The Environmental Protection Network, a nonpartisan advocacy group composed of former EPA employees, is already planning to ask for a 60-day extension to the comment deadline, said John Bachmann, an Environmental Protection Network member and former associate director for science policy and new programs in the EPA's Office of Air Quality Planning and Standards.

"One of the bases is going to be, 'How can you do this when a lot of people who may want to comment are in difficult circumstances?'" Bachmann said in a recent interview.

On March 20, a coalition of nine organizations representing state and local governments wrote to the White House requesting a formal pause for all open public comment periods concerning active rulemakings and nonrulemaking notices "across every federal department or agency."

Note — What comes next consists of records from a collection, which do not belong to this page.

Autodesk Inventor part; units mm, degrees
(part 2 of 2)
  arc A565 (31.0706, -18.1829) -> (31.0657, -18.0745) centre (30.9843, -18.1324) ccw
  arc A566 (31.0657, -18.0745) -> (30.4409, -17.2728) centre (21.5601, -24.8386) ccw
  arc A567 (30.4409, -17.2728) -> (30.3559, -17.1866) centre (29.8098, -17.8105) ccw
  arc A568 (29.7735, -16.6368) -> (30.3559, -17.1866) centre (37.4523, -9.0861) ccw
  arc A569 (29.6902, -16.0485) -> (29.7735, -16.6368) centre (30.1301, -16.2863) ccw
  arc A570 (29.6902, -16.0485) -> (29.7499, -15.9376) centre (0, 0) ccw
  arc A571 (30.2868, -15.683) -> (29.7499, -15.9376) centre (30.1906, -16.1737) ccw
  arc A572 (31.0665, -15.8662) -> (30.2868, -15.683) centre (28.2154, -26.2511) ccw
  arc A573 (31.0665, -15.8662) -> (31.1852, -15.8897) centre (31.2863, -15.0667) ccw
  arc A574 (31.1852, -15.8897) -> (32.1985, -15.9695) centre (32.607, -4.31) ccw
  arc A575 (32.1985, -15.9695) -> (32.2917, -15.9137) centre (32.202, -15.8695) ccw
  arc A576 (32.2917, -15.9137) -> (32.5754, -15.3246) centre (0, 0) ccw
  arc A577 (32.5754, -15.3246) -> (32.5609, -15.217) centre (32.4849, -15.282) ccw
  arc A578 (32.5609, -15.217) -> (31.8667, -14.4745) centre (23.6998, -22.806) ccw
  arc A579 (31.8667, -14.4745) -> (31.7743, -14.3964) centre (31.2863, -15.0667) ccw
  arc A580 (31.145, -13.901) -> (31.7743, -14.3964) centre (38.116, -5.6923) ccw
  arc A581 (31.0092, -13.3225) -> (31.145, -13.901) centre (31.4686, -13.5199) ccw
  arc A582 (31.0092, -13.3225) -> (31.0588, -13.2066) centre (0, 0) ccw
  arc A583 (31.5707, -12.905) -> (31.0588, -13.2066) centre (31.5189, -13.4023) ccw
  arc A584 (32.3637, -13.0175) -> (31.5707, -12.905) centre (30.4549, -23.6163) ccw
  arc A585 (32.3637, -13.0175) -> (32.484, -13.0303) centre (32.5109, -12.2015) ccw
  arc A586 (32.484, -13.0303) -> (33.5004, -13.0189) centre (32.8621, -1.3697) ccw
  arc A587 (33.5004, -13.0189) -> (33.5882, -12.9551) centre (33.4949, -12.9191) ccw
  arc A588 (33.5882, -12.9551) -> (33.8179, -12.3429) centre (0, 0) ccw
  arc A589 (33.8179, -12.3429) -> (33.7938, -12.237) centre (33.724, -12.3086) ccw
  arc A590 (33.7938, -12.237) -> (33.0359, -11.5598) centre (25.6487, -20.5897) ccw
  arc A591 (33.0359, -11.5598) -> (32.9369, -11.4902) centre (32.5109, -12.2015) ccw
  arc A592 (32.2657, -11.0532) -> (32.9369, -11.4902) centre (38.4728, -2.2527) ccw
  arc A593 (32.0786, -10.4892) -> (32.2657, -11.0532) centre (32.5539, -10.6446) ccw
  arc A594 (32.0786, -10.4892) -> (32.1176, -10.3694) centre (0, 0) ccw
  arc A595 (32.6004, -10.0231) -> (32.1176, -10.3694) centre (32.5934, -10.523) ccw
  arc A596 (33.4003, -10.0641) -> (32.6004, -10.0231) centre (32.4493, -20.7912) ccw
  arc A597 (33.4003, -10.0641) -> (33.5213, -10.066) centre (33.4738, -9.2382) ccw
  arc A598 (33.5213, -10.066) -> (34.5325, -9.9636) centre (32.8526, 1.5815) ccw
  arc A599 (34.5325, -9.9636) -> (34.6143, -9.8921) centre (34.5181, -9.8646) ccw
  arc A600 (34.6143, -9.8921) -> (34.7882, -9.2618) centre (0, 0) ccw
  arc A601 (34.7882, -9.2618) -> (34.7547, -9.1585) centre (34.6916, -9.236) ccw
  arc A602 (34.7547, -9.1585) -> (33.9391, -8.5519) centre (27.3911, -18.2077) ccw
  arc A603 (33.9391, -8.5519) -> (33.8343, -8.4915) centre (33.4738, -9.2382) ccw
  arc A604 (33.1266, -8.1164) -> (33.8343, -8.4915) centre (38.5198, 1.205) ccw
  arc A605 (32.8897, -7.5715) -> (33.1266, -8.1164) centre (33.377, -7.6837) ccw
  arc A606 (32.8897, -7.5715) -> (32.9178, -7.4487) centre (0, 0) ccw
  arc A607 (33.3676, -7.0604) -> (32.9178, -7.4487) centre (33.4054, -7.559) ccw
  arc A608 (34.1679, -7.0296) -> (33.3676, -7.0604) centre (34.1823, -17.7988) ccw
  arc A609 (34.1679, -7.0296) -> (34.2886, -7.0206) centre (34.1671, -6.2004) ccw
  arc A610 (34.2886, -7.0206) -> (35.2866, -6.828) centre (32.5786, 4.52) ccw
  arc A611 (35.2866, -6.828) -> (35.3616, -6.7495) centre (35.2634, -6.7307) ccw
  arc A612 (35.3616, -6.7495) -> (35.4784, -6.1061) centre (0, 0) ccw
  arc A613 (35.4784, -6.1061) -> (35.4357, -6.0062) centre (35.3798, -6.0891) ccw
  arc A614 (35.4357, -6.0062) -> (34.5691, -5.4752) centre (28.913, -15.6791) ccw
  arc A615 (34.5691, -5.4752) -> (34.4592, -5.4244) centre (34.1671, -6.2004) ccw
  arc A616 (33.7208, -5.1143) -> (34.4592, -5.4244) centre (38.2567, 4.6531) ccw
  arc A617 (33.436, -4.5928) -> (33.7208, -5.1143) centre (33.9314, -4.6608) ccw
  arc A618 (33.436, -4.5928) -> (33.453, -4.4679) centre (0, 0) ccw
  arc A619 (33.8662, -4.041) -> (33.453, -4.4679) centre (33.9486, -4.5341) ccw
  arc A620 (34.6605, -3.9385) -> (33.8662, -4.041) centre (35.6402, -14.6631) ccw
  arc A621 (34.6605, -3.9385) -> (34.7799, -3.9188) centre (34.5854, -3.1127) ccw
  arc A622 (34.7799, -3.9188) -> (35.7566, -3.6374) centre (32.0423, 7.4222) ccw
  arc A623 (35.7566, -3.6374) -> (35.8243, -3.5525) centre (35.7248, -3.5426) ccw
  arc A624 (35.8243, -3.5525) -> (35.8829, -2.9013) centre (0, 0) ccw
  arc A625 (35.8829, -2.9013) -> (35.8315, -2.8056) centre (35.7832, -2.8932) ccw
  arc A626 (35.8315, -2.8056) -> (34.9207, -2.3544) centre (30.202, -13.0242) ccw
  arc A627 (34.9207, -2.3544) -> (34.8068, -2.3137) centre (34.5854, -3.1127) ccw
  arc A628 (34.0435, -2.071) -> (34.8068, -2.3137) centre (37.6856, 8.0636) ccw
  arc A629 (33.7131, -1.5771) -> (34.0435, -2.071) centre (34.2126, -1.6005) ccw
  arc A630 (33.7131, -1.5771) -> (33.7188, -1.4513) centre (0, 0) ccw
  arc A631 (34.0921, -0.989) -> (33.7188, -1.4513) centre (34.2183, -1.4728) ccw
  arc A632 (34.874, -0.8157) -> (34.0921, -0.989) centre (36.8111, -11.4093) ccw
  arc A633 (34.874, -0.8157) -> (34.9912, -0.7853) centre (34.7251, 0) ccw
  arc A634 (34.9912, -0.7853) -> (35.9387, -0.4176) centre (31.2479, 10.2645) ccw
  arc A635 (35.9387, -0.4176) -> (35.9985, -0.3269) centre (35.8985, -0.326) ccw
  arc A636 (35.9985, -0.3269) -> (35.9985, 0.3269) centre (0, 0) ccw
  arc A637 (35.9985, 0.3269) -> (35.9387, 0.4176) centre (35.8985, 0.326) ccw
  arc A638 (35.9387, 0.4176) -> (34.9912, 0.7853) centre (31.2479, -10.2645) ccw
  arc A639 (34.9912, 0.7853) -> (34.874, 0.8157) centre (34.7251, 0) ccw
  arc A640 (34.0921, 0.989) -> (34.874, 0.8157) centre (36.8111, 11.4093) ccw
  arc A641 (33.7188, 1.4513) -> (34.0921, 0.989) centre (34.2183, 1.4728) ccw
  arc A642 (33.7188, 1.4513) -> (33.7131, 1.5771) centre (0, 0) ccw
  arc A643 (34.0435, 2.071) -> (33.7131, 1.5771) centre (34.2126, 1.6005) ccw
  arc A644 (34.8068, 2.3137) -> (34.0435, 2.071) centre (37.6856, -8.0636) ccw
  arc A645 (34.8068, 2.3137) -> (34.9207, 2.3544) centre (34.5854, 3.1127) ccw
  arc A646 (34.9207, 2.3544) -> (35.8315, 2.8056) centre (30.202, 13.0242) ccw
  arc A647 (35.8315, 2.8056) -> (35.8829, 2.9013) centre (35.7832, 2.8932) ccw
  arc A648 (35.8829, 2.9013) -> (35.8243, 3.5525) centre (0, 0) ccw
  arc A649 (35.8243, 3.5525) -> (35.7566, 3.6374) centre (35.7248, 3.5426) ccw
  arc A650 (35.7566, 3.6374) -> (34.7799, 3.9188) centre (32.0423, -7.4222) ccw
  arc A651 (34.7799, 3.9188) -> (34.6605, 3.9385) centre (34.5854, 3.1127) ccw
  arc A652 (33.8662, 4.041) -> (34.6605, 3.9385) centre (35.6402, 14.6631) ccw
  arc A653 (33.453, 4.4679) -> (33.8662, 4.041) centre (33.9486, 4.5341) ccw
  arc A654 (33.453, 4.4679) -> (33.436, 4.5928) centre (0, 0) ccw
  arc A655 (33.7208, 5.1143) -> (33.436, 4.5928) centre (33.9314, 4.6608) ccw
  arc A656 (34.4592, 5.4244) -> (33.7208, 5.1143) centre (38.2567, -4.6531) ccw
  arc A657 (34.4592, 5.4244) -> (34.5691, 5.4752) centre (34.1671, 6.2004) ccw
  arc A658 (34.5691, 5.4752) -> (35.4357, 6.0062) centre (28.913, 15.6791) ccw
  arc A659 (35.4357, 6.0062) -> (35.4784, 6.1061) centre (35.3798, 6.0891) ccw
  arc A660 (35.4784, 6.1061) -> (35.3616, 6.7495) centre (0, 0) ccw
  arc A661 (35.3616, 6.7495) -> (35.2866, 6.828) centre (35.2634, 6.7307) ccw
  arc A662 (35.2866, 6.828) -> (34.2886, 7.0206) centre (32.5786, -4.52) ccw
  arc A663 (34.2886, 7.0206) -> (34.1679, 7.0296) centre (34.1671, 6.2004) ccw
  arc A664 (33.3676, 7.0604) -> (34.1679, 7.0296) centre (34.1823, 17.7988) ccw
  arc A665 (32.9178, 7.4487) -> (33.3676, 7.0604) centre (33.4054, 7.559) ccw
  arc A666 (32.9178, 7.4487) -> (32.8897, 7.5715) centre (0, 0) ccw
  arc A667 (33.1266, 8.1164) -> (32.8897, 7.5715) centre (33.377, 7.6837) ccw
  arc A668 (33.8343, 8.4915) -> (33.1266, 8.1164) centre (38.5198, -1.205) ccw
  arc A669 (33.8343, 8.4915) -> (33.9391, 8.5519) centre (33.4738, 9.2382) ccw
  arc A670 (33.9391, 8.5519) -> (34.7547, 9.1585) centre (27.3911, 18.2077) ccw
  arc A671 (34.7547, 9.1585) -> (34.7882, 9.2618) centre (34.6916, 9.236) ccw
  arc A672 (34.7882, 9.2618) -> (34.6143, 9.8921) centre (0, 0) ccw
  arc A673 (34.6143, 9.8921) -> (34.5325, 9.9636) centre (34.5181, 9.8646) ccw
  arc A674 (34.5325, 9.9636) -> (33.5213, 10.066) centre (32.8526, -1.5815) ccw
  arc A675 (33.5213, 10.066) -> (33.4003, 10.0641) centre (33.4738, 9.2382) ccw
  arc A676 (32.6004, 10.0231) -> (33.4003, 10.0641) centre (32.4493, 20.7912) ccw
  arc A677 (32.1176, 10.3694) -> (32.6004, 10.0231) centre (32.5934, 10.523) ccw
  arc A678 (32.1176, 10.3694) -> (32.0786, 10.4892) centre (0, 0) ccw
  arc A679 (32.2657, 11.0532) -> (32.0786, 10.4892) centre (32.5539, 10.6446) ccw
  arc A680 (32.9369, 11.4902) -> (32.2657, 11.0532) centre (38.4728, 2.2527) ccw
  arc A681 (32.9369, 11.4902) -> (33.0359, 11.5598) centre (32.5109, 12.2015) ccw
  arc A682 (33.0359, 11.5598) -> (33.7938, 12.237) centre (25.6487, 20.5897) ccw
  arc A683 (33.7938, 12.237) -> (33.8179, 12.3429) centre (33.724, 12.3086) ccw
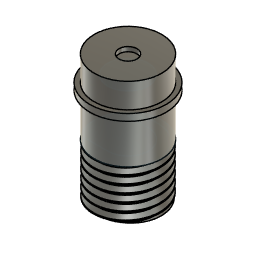
Initial axle design v1 (Autodesk Fusion 360 design; units mm, degrees)
Autodesk Fusion 360 part; units mm, degrees
sketch "Sketch1" plane through (0, 0, 0) normal (0, 0, 1) x (1, 0, 0)
  circle A0 centre (0, 0) radius 15
  dimension "d1" = 30
  constraint coincident A0.centre origin
  measures "d1" diameter of A0
extrude "Extrude1" add sketch "Sketch1" along normal blind 23
sketch "Sketch2" plane through (0, 0, 23) normal (0, 0, 1) x (-1, 0, 0)
  circle A0 centre (0, 0) radius 15
  circle A1 centre (0, 0) radius 15
  dimension "d4" = 30
  constraint concentric A0 A1
  measures "d4" diameter of A1
sketch "Sketch3" plane through (0, 0, 0) normal (0, 0, -1) x (1, 0, 0)
  circle A0 centre (0, 0) radius 15
  circle A1 centre (0, 0) radius 9
  line L0 (0, 9) -> (-15, 9)
  line L1 (-15, 9) -> (-15, -9)
  line L2 (-15, -9) -> (0, -9)
  line L3 (0, -9) -> (0, 9)
  dimension "d5" = 18
  dimension "d21" = 18
  constraint concentric A0 A1
  constraint horizontal L0
  constraint vertical L1
  constraint horizontal L2
  constraint vertical L3
  constraint coincident A1 L0.start
  measures "d5" diameter of A1
  measures "d21" distance of L0.start L2.end
extrude "Extrude2" cut sketch "Sketch3" against normal blind 23 contours A0 A1 L0 L2 | A1 L3 | A1 L3 picked at (-12.9503, -0.8659)
thread "Thread1" "ISO Metric profile 30.0 M30x3.5 6g" major diameter 29.7345 minor diameter 25.732 pitch 3.5 angle 60 modelled right hand crest width 0.4992 on face at (-11.5449, -9.5768, 15.3333) crest through (14.8673, 0, -0.875)
sketch "Sketch4" plane through (0, 0, 23) normal (0, 0, 1) x (-1, 0, 0)
extrude "Extrude3" add sketch "Sketch2" along normal blind 19
sketch "Sketch5" plane through (0, 0, 42) normal (0, 0, 1) x (-1, 0, 0)
  circle A0 centre (0, 0) radius 15
  circle A1 centre (0, 0) radius 17
  dimension "d12" = 34
  constraint concentric A0 A1
  measures "d12" diameter of A1
extrude "Extrude4" add sketch "Sketch5" along normal blind 3 contours A0 | A1
sketch "Sketch6" plane through (0, 0, 45) normal (0, 0, 1) x (-1, 0, 0)
  circle A0 centre (0, 0) radius 17
  circle A1 centre (0, 0) radius 15
  dimension "d15" = 30
  constraint coincident A0.centre A1.centre
  measures "d15" diameter of A1
extrude "Extrude5" add sketch "Sketch6" along normal blind 11 contours A1
sketch "Sketch7" plane through (0, 0, 56) normal (0, 0, 1) x (-1, 0, 0)
  circle A0 centre (0, 0) radius 15
  circle A1 centre (0, 0) radius 4
  dimension "d18" = 8
  constraint concentric A0 A1
  measures "d18" diameter of A1
extrude "Extrude6" cut sketch "Sketch7" against normal blind 2 contours A1
sketch "Sketch8" plane through (0, 0, 23) normal (0, 0, -1) x (1, 0, 0)
  circle A0 centre (0, 0) radius 15
  spline S0 degree 3 poles (-10.7542, 9) (-10.3236, 9.5929) (-9.8461, 10.1524) (-8.1054, 11.8955) (-6.6715, 12.8838) (-3.486, 14.3257) (-1.7548, 14.754) (0.0111, 14.8672) knots 0.324156 0.324156 0.324156 0.324156 0.544902 0.544902 1.062753 1.062753 1.592832 1.592832 1.592832 1.592832
  arc A1 (11.6168, 9.2782) -> (0.0111, 14.8672) centre (0, 0) ccw
  spline S1 degree 3 poles (11.6168, 9.2782) (12.7086, 7.7131) (13.4881, 5.9523) (14.309, 2.276) (14.3603, 0.4003) (13.7403, -3.2161) (13.0932, -4.9248) (11.1983, -7.9522) (9.9845, -9.2513) (7.6103, -10.9538) (6.5828, -11.504) (4.4303, -12.3116) (3.3166, -12.5706) (2.1834, -12.6794) knots 0 0 0 0 0.572495 0.572495 1.130652 1.130652 1.674465 1.674465 2.203926 2.203926 2.552907 2.552907 2.895334 2.895334 2.895334 2.895334
  arc A2 (-9.1942, -9) -> (2.1834, -12.6794) centre (0, 0) ccw
  line L0 (-9.1942, -9) -> (0, -9)
  arc A3 (0, -9) -> (0, 9) centre (0, 0) ccw
  line L1 (0, 9) -> (-10.7542, 9)
sketch "Sketch9" plane through (0, 0, 23) normal (0, 0, -1) x (1, 0, 0)
  circle A0 centre (0, 0) radius 9
  dimension "d22" = 18
  constraint coincident A0.centre origin
  measures "d22" diameter of A0
extrude "Extrude7" cut sketch "Sketch9" against normal blind 25
sketch "Sketch10" plane through (0, 0, 48) normal (0, 0, -1) x (1, 0, 0)
  circle A0 centre (0, 0) radius 9

"At present, regulations.gov acknowledges nearly 700 open comment periods that will close in the next 30 days and more than 1,000 over the next 90 days," organizations including the National Governors Association, National League of Cities and National Association of Counties said. "The extreme impact on normal working and living conditions will impair the ability of not only state and local officials, but also the general public, issue experts and others to provide thoughtful and meaningful participation and involvement in potential federal government actions that directly affect millions of people.'

An EPA spokesperson said in a March 20 email that the EPA is open and continuing its regulatory work "business as usual."

"As regulations.gov is fully functioning, there is no barrier to the public providing comment during the established periods," the spokesperson said.